Please write out every line of the material, leaving out any picture.

* _THE INPUT_
=====
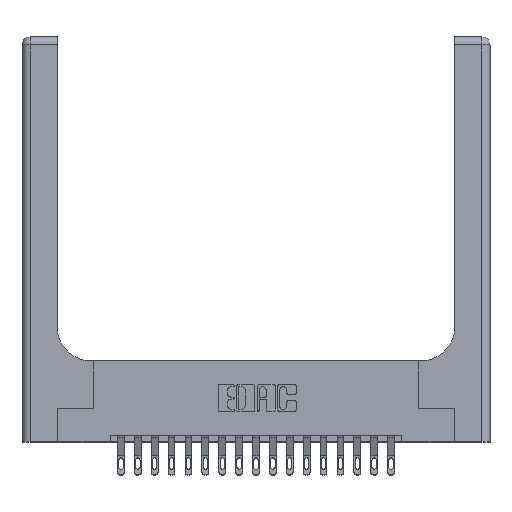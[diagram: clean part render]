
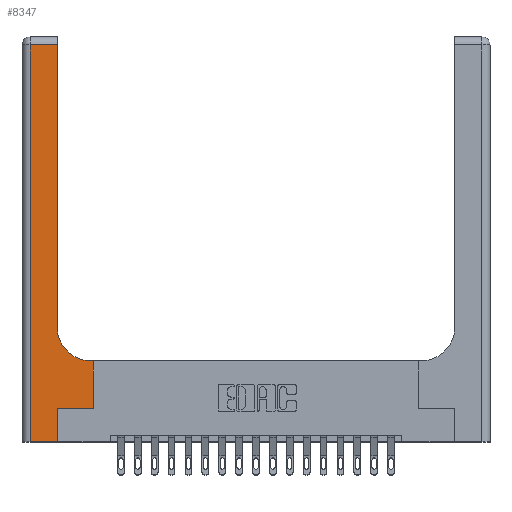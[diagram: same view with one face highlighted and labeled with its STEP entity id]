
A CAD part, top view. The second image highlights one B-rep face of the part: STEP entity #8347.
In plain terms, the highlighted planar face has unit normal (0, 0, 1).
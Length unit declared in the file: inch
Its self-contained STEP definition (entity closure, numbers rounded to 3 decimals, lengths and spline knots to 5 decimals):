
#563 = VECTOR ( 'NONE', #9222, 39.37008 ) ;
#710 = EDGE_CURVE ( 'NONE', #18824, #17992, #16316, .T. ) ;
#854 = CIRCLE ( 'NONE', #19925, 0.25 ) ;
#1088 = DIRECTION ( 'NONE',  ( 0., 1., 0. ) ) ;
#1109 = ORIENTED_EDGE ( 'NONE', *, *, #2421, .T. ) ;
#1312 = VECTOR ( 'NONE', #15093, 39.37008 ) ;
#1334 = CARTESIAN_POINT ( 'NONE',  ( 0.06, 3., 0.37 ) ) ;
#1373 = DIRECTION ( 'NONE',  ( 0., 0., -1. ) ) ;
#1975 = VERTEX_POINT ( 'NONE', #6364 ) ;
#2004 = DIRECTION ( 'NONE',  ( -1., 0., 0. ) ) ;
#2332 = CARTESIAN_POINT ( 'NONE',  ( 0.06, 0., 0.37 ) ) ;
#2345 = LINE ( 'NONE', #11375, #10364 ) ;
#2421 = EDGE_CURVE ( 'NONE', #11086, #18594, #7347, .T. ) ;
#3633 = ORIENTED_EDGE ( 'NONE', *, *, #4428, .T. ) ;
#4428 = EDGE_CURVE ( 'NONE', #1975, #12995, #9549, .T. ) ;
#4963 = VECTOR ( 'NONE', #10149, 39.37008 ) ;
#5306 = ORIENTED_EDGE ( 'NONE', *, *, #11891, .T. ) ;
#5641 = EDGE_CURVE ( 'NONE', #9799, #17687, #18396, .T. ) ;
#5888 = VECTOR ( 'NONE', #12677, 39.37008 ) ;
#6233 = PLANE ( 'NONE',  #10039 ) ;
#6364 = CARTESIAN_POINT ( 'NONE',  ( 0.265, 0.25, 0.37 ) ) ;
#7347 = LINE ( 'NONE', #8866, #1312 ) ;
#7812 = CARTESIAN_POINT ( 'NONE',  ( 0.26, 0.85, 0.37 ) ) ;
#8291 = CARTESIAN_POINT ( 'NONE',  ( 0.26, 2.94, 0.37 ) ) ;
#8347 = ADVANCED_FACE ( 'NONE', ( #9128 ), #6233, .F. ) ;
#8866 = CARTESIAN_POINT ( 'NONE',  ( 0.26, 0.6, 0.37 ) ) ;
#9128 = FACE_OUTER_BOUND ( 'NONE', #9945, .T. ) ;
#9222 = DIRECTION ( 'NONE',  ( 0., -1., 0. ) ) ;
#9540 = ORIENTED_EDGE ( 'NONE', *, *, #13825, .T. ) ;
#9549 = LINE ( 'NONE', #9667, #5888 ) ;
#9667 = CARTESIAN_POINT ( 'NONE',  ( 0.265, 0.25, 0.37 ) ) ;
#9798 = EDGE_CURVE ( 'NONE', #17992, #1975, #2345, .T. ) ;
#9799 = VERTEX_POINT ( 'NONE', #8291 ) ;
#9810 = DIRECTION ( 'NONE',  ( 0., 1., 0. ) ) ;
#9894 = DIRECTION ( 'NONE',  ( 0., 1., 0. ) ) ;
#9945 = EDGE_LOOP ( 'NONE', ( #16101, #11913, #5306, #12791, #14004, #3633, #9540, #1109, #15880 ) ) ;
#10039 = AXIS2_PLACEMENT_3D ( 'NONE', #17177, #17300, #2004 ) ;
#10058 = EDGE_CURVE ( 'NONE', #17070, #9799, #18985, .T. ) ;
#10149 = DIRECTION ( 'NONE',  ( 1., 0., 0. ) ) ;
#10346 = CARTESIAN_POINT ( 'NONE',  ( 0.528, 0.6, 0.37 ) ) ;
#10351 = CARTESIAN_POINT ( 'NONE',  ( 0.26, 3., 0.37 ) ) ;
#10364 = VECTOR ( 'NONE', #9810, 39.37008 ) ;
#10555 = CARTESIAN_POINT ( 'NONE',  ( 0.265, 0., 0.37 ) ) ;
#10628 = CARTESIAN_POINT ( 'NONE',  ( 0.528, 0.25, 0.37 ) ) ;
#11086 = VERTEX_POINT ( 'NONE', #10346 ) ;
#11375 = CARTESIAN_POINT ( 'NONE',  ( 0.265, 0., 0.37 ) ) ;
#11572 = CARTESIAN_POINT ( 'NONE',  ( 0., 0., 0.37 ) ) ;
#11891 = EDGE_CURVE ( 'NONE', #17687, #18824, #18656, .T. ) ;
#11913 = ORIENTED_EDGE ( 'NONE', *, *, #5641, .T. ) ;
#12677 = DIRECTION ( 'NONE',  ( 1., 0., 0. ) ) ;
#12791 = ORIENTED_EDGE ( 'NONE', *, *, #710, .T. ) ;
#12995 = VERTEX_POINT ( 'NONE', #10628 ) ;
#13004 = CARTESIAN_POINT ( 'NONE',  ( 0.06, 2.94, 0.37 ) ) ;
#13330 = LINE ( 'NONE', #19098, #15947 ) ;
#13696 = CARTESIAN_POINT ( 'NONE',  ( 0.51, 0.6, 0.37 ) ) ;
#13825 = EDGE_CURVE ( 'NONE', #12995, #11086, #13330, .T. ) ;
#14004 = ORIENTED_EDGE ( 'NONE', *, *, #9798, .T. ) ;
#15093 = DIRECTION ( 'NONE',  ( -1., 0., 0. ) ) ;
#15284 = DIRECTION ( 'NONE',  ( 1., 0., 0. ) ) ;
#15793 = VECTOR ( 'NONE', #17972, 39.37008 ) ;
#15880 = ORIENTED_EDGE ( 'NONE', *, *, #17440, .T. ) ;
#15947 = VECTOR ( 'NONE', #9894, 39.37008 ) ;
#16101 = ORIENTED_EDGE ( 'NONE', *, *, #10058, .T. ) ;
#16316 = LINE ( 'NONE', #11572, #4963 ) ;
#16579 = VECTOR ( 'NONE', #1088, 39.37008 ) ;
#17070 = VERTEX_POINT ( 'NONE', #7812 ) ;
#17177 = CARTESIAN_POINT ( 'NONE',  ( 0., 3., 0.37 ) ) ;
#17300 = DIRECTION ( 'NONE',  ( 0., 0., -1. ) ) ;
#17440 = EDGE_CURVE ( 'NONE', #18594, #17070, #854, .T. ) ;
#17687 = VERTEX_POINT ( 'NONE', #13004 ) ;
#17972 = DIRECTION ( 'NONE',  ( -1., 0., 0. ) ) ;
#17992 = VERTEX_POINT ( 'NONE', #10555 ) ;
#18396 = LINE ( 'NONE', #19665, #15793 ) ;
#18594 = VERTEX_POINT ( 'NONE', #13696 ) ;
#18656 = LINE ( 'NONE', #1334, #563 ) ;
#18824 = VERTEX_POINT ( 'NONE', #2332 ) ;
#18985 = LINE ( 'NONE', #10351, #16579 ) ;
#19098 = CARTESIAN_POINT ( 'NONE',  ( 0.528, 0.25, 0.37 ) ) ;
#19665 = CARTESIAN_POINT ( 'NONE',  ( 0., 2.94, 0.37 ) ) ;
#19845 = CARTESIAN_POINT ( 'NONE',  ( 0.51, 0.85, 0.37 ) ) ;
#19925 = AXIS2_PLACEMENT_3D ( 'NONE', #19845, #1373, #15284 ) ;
=====
* _ANSWER TO THE PROBLEM_
[diagram: clean part render]
[diagram: same view with one face highlighted and labeled with its STEP entity id]
A CAD part, top view. The second image highlights one B-rep face of the part: STEP entity #8347.
In plain terms, the highlighted planar face has unit normal (0, 0, 1).
Length unit declared in the file: inch
Its self-contained STEP definition (entity closure, numbers rounded to 3 decimals, lengths and spline knots to 5 decimals):
#563 = VECTOR ( 'NONE', #9222, 39.37008 ) ;
#710 = EDGE_CURVE ( 'NONE', #18824, #17992, #16316, .T. ) ;
#854 = CIRCLE ( 'NONE', #19925, 0.25 ) ;
#1088 = DIRECTION ( 'NONE',  ( 0., 1., 0. ) ) ;
#1109 = ORIENTED_EDGE ( 'NONE', *, *, #2421, .T. ) ;
#1312 = VECTOR ( 'NONE', #15093, 39.37008 ) ;
#1334 = CARTESIAN_POINT ( 'NONE',  ( 0.06, 3., 0.37 ) ) ;
#1373 = DIRECTION ( 'NONE',  ( 0., 0., -1. ) ) ;
#1975 = VERTEX_POINT ( 'NONE', #6364 ) ;
#2004 = DIRECTION ( 'NONE',  ( -1., 0., 0. ) ) ;
#2332 = CARTESIAN_POINT ( 'NONE',  ( 0.06, 0., 0.37 ) ) ;
#2345 = LINE ( 'NONE', #11375, #10364 ) ;
#2421 = EDGE_CURVE ( 'NONE', #11086, #18594, #7347, .T. ) ;
#3633 = ORIENTED_EDGE ( 'NONE', *, *, #4428, .T. ) ;
#4428 = EDGE_CURVE ( 'NONE', #1975, #12995, #9549, .T. ) ;
#4963 = VECTOR ( 'NONE', #10149, 39.37008 ) ;
#5306 = ORIENTED_EDGE ( 'NONE', *, *, #11891, .T. ) ;
#5641 = EDGE_CURVE ( 'NONE', #9799, #17687, #18396, .T. ) ;
#5888 = VECTOR ( 'NONE', #12677, 39.37008 ) ;
#6233 = PLANE ( 'NONE',  #10039 ) ;
#6364 = CARTESIAN_POINT ( 'NONE',  ( 0.265, 0.25, 0.37 ) ) ;
#7347 = LINE ( 'NONE', #8866, #1312 ) ;
#7812 = CARTESIAN_POINT ( 'NONE',  ( 0.26, 0.85, 0.37 ) ) ;
#8291 = CARTESIAN_POINT ( 'NONE',  ( 0.26, 2.94, 0.37 ) ) ;
#8347 = ADVANCED_FACE ( 'NONE', ( #9128 ), #6233, .F. ) ;
#8866 = CARTESIAN_POINT ( 'NONE',  ( 0.26, 0.6, 0.37 ) ) ;
#9128 = FACE_OUTER_BOUND ( 'NONE', #9945, .T. ) ;
#9222 = DIRECTION ( 'NONE',  ( 0., -1., 0. ) ) ;
#9540 = ORIENTED_EDGE ( 'NONE', *, *, #13825, .T. ) ;
#9549 = LINE ( 'NONE', #9667, #5888 ) ;
#9667 = CARTESIAN_POINT ( 'NONE',  ( 0.265, 0.25, 0.37 ) ) ;
#9798 = EDGE_CURVE ( 'NONE', #17992, #1975, #2345, .T. ) ;
#9799 = VERTEX_POINT ( 'NONE', #8291 ) ;
#9810 = DIRECTION ( 'NONE',  ( 0., 1., 0. ) ) ;
#9894 = DIRECTION ( 'NONE',  ( 0., 1., 0. ) ) ;
#9945 = EDGE_LOOP ( 'NONE', ( #16101, #11913, #5306, #12791, #14004, #3633, #9540, #1109, #15880 ) ) ;
#10039 = AXIS2_PLACEMENT_3D ( 'NONE', #17177, #17300, #2004 ) ;
#10058 = EDGE_CURVE ( 'NONE', #17070, #9799, #18985, .T. ) ;
#10149 = DIRECTION ( 'NONE',  ( 1., 0., 0. ) ) ;
#10346 = CARTESIAN_POINT ( 'NONE',  ( 0.528, 0.6, 0.37 ) ) ;
#10351 = CARTESIAN_POINT ( 'NONE',  ( 0.26, 3., 0.37 ) ) ;
#10364 = VECTOR ( 'NONE', #9810, 39.37008 ) ;
#10555 = CARTESIAN_POINT ( 'NONE',  ( 0.265, 0., 0.37 ) ) ;
#10628 = CARTESIAN_POINT ( 'NONE',  ( 0.528, 0.25, 0.37 ) ) ;
#11086 = VERTEX_POINT ( 'NONE', #10346 ) ;
#11375 = CARTESIAN_POINT ( 'NONE',  ( 0.265, 0., 0.37 ) ) ;
#11572 = CARTESIAN_POINT ( 'NONE',  ( 0., 0., 0.37 ) ) ;
#11891 = EDGE_CURVE ( 'NONE', #17687, #18824, #18656, .T. ) ;
#11913 = ORIENTED_EDGE ( 'NONE', *, *, #5641, .T. ) ;
#12677 = DIRECTION ( 'NONE',  ( 1., 0., 0. ) ) ;
#12791 = ORIENTED_EDGE ( 'NONE', *, *, #710, .T. ) ;
#12995 = VERTEX_POINT ( 'NONE', #10628 ) ;
#13004 = CARTESIAN_POINT ( 'NONE',  ( 0.06, 2.94, 0.37 ) ) ;
#13330 = LINE ( 'NONE', #19098, #15947 ) ;
#13696 = CARTESIAN_POINT ( 'NONE',  ( 0.51, 0.6, 0.37 ) ) ;
#13825 = EDGE_CURVE ( 'NONE', #12995, #11086, #13330, .T. ) ;
#14004 = ORIENTED_EDGE ( 'NONE', *, *, #9798, .T. ) ;
#15093 = DIRECTION ( 'NONE',  ( -1., 0., 0. ) ) ;
#15284 = DIRECTION ( 'NONE',  ( 1., 0., 0. ) ) ;
#15793 = VECTOR ( 'NONE', #17972, 39.37008 ) ;
#15880 = ORIENTED_EDGE ( 'NONE', *, *, #17440, .T. ) ;
#15947 = VECTOR ( 'NONE', #9894, 39.37008 ) ;
#16101 = ORIENTED_EDGE ( 'NONE', *, *, #10058, .T. ) ;
#16316 = LINE ( 'NONE', #11572, #4963 ) ;
#16579 = VECTOR ( 'NONE', #1088, 39.37008 ) ;
#17070 = VERTEX_POINT ( 'NONE', #7812 ) ;
#17177 = CARTESIAN_POINT ( 'NONE',  ( 0., 3., 0.37 ) ) ;
#17300 = DIRECTION ( 'NONE',  ( 0., 0., -1. ) ) ;
#17440 = EDGE_CURVE ( 'NONE', #18594, #17070, #854, .T. ) ;
#17687 = VERTEX_POINT ( 'NONE', #13004 ) ;
#17972 = DIRECTION ( 'NONE',  ( -1., 0., 0. ) ) ;
#17992 = VERTEX_POINT ( 'NONE', #10555 ) ;
#18396 = LINE ( 'NONE', #19665, #15793 ) ;
#18594 = VERTEX_POINT ( 'NONE', #13696 ) ;
#18656 = LINE ( 'NONE', #1334, #563 ) ;
#18824 = VERTEX_POINT ( 'NONE', #2332 ) ;
#18985 = LINE ( 'NONE', #10351, #16579 ) ;
#19098 = CARTESIAN_POINT ( 'NONE',  ( 0.528, 0.25, 0.37 ) ) ;
#19665 = CARTESIAN_POINT ( 'NONE',  ( 0., 2.94, 0.37 ) ) ;
#19845 = CARTESIAN_POINT ( 'NONE',  ( 0.51, 0.85, 0.37 ) ) ;
#19925 = AXIS2_PLACEMENT_3D ( 'NONE', #19845, #1373, #15284 ) ;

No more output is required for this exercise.